The Pyrotec Company produces three electrical products-clocks, radios and toasters. These products have the following resources requirements :

Resource Requirements
Cost/Unit Labor Hours/Unit
Clock $7 2
Radio 10 3
Toaster 5 2

The manufacturer has a daily production budget of $2,000 and maximum of 660 hours of labor. Maximum daily customer demand is for 200 clocks, 300 radios, and 150 toasters.
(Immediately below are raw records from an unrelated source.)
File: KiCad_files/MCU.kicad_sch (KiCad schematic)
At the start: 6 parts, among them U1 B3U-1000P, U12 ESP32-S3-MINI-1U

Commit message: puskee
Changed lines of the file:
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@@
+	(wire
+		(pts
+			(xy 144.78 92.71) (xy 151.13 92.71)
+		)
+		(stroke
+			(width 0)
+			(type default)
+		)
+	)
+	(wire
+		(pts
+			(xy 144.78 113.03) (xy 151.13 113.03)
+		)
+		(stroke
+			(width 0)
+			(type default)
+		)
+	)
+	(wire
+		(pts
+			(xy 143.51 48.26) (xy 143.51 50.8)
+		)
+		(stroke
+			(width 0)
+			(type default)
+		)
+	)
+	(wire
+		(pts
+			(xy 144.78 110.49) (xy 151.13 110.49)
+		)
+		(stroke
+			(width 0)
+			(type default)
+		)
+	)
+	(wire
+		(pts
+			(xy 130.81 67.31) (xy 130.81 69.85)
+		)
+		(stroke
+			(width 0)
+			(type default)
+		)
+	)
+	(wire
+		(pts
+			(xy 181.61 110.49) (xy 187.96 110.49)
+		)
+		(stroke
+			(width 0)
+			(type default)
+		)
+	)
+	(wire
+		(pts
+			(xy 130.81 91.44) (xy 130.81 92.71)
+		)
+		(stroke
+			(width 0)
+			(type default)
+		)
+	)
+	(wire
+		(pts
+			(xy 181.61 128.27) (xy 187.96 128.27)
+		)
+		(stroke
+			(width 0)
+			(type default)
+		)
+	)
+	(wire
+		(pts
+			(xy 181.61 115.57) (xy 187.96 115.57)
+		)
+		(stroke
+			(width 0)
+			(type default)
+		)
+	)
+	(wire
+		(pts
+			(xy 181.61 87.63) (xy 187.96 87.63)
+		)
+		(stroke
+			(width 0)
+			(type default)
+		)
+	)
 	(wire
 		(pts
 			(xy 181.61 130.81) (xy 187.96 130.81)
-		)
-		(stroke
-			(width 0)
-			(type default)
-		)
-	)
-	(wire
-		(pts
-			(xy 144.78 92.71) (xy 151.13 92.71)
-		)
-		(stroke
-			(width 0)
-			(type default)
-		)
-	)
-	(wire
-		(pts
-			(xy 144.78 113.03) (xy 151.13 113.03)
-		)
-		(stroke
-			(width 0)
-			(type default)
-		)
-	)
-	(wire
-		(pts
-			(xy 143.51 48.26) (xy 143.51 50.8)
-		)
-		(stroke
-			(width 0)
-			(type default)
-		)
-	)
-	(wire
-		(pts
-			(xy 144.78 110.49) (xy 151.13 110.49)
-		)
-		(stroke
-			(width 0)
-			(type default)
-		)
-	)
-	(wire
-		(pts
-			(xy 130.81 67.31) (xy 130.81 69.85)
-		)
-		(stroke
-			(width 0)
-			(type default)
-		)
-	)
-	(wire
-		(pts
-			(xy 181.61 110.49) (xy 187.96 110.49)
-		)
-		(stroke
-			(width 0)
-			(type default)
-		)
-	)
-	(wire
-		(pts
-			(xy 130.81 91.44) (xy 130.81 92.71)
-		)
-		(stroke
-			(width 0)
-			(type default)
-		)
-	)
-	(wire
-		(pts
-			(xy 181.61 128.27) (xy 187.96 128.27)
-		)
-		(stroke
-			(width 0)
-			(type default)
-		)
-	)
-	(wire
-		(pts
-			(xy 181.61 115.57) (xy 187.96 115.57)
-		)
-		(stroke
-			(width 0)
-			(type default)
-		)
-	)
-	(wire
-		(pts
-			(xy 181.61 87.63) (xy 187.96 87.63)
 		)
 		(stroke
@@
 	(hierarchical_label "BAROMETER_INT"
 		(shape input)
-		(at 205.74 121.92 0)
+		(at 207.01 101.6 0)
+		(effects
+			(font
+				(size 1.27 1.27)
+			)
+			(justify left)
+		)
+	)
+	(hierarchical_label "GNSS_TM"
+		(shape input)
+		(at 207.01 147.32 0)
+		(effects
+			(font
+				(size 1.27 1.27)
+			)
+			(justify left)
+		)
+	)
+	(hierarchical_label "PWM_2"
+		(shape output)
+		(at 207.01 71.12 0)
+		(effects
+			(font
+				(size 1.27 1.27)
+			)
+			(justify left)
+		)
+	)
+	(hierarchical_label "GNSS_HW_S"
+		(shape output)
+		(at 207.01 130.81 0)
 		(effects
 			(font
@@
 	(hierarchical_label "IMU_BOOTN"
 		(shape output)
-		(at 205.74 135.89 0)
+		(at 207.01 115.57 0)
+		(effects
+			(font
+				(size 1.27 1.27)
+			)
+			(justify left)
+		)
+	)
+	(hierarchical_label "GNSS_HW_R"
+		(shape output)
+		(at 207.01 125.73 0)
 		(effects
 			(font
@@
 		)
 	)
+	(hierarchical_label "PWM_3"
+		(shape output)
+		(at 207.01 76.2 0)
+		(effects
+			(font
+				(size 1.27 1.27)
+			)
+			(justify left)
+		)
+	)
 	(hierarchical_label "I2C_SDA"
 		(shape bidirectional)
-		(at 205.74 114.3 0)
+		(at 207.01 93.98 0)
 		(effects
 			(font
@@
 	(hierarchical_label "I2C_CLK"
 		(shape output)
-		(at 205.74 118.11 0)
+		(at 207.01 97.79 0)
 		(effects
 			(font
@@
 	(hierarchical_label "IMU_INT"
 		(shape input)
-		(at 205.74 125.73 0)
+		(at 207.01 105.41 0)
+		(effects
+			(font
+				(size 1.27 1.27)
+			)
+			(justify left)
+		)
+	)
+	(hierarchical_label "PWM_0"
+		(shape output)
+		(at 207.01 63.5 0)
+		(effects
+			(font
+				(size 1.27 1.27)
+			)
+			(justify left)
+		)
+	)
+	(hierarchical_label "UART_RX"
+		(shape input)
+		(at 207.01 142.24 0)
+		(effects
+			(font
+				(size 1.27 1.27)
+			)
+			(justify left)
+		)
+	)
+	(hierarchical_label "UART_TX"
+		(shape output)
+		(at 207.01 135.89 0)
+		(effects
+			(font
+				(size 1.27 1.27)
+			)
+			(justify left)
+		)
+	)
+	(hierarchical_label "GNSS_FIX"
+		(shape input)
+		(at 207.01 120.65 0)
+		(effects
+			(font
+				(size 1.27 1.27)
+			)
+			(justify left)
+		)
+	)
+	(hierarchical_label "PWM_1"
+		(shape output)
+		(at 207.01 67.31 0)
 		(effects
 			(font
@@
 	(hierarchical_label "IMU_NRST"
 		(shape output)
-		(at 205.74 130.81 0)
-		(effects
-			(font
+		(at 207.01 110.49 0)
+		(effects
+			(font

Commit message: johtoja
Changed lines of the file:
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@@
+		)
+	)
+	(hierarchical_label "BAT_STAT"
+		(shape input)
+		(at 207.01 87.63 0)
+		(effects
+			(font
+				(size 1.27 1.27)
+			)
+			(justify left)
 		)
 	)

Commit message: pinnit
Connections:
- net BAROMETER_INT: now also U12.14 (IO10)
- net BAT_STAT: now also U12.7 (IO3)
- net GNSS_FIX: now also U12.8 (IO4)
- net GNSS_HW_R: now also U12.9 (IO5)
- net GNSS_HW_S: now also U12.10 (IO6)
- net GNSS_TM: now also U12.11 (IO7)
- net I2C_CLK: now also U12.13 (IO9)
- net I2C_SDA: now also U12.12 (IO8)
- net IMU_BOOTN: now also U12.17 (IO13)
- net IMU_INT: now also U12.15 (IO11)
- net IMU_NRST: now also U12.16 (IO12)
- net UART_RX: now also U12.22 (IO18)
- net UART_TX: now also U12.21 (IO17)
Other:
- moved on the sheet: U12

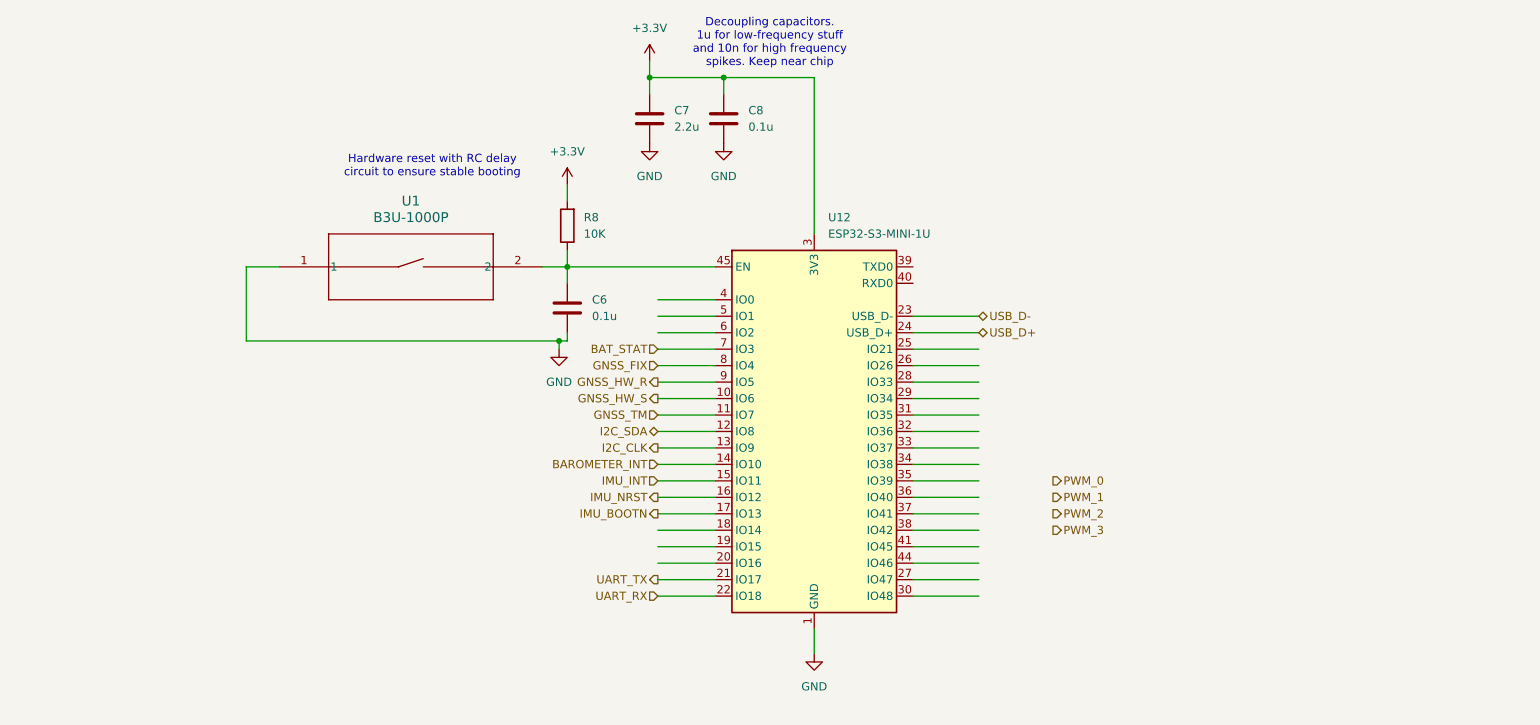
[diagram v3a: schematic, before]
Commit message: piuhat vedetty mculla ja i2c pullupit mculle
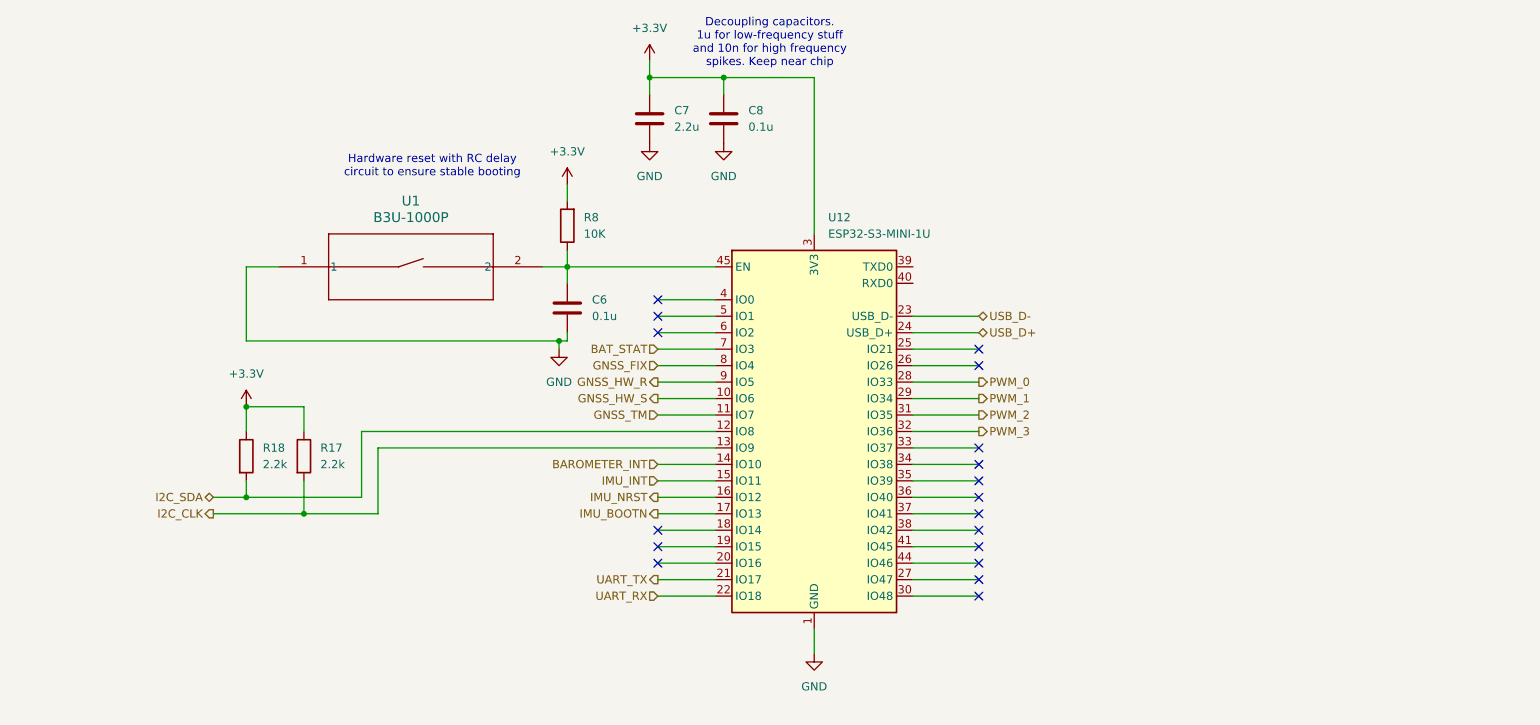
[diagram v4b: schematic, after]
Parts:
- added R17, R18: 2.2k, Resistor_SMD:R_0805_2012Metric_Pad1.20x1.40mm_HandSolder, symbol Device:R
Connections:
- net +3.3V: now also R17.1, R18.1
- net I2C_CLK: now also R17.2
- net I2C_SDA: now also R18.2
- net PWM_0: now also U12.28 (IO33)
- net PWM_1: now also U12.29 (IO34)
- net PWM_2: now also U12.31 (IO35)
- net PWM_3: now also U12.32 (IO36)
- no-connect marks 0 -> 18

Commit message: pinnit
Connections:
- net BAT_STAT: now also U12.32 (IO36); no longer U12.7 (IO3)
- net IMU_BOOTN: now also U12.20 (IO16); no longer U12.17 (IO13)
- net IMU_INT: now also U12.18 (IO14); no longer U12.15 (IO11)
- net IMU_NRST: now also U12.19 (IO15); no longer U12.16 (IO12)
- net PWM_0: now also U12.33 (IO37); no longer U12.28 (IO33)
- net PWM_1: now also U12.34 (IO38); no longer U12.29 (IO34)
- net PWM_2: now also U12.35 (IO39); no longer U12.31 (IO35)
- net PWM_3: now also U12.36 (IO40); no longer U12.32 (IO36)

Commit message: puskee
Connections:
- net GNSS_FIX: now also U12.17 (IO13); no longer U12.8 (IO4)
- net GNSS_HW_R: now also U12.18 (IO14); no longer U12.9 (IO5)
- net GNSS_HW_S: now also U12.19 (IO15); no longer U12.10 (IO6)
- net GNSS_TM: now also U12.20 (IO16); no longer U12.11 (IO7)
- net IMU_BOOTN: now also U12.10 (IO6); no longer U12.20 (IO16)
- net IMU_INT: now also U12.8 (IO4); no longer U12.18 (IO14)
- net IMU_NRST: now also U12.9 (IO5); no longer U12.19 (IO15)

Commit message: JTAG
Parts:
- added R2: 10K, Resistor_SMD:R_0805_2012Metric_Pad1.20x1.40mm_HandSolder, symbol Device:R
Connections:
- net +3.3V: now also R2.2
- net BAT_STAT: now also U12.34 (IO38); no longer U12.32 (IO36)
- net PWM_0: now also U12.35 (IO39); no longer U12.33 (IO37)
- net PWM_1: now also U12.36 (IO40); no longer U12.34 (IO38)
- net PWM_2: now also U12.37 (IO41); no longer U12.35 (IO39)
- net PWM_3: now also U12.38 (IO42); no longer U12.36 (IO40)
- net JTAG_SEL: now reaches U12.7 (IO3)
- net JTAG_SEL: now also R2.1
- no-connect marks 18 -> 17
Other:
- note added: "JTAG inteface GPIO39 GPIO40 GPIO41 GPIO42"
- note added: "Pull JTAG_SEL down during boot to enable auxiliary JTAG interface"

Clocks sell for $15, radios for $20, and toasters for $12.The company wants to know the optimal product mix that will maximize profit.
a) Formulate a linear programming model for this problem;
b) Solve the model by using the computer.

Given:

Cost/Unit Labor Hours/Unit
Clock $7 2
Radio 10 3
Toaster 5 2

Implicitly, all quantities produced daily are to be positive, so
=>
c ≥ 0
r ≥ 0
t ≥ 0

The manufacturer has a daily production budget of $2,000
=>
7c+10r+5t ≤ 2000

and maximum of 660 hours of labor.
=>
2c+3r+2t ≤ 660

Maximum daily customer demand is for 200 clocks, 300 radios, and 150 toasters.
=>
c ≤ 200
r ≤ 300
t ≤ 150

Clocks sell for $15, radios for $20, and toasters for $12.The company wants to know the optimal product mix that will maximize profit.
=>
profit for clocks = 15-7 = 8
profit for radios = 20-10 = 10
profit for toasters = 12-5 = 7
Also, labour cost is not provided, so the 600 hours will be assumed a fixed cost.
=>
Z=8c+10r+7t (objective function)

Feed in all these inequalities to your linear programming solver.
I get c=178, r=0, t=150
for Z=2474, 656 hours, and cost = $1996
Check my results.

Check my

27523

Answer

a) To formulate a linear programming model for this problem, we need to define the decision variables, constraints, and objective function.

Decision Variables:
Let's define the decision variables as follows:
C = number of clocks produced
R = number of radios produced
T = number of toasters produced

Objective Function:
The objective is to maximize profit. The profit is calculated by subtracting the cost from the revenue generated by selling the products. The revenue is the product of the number of units sold and their respective selling prices. The cost is the sum of the resources used multiplied by their respective costs per unit. Therefore, the objective function can be written as:

Maximize: 15C + 20R + 12T - 7C - 10R - 5T

Constraints:
1. Cost constraint: The total cost of production should not exceed the daily production budget of $2,000.
7C + 10R + 5T <= 2000

2. Labor hour constraint: The total labor hours used should not exceed the maximum labor hours available of 660.
2C + 3R + 2T <= 660

3. Demand constraint: The number of units produced should not exceed the maximum daily customer demand for each product type.
C <= 200 (for clocks)
R <= 300 (for radios)
T <= 150 (for toasters)

Also, the decision variables should be greater than or equal to zero:
C, R, T >= 0

b) To solve the model using a computer, you can use a linear programming solver or an optimization software. There are many options available, such as Microsoft Excel Solver, MATLAB, Python libraries (e.g., PuLP, scipy), or commercial software like Gurobi or CPLEX.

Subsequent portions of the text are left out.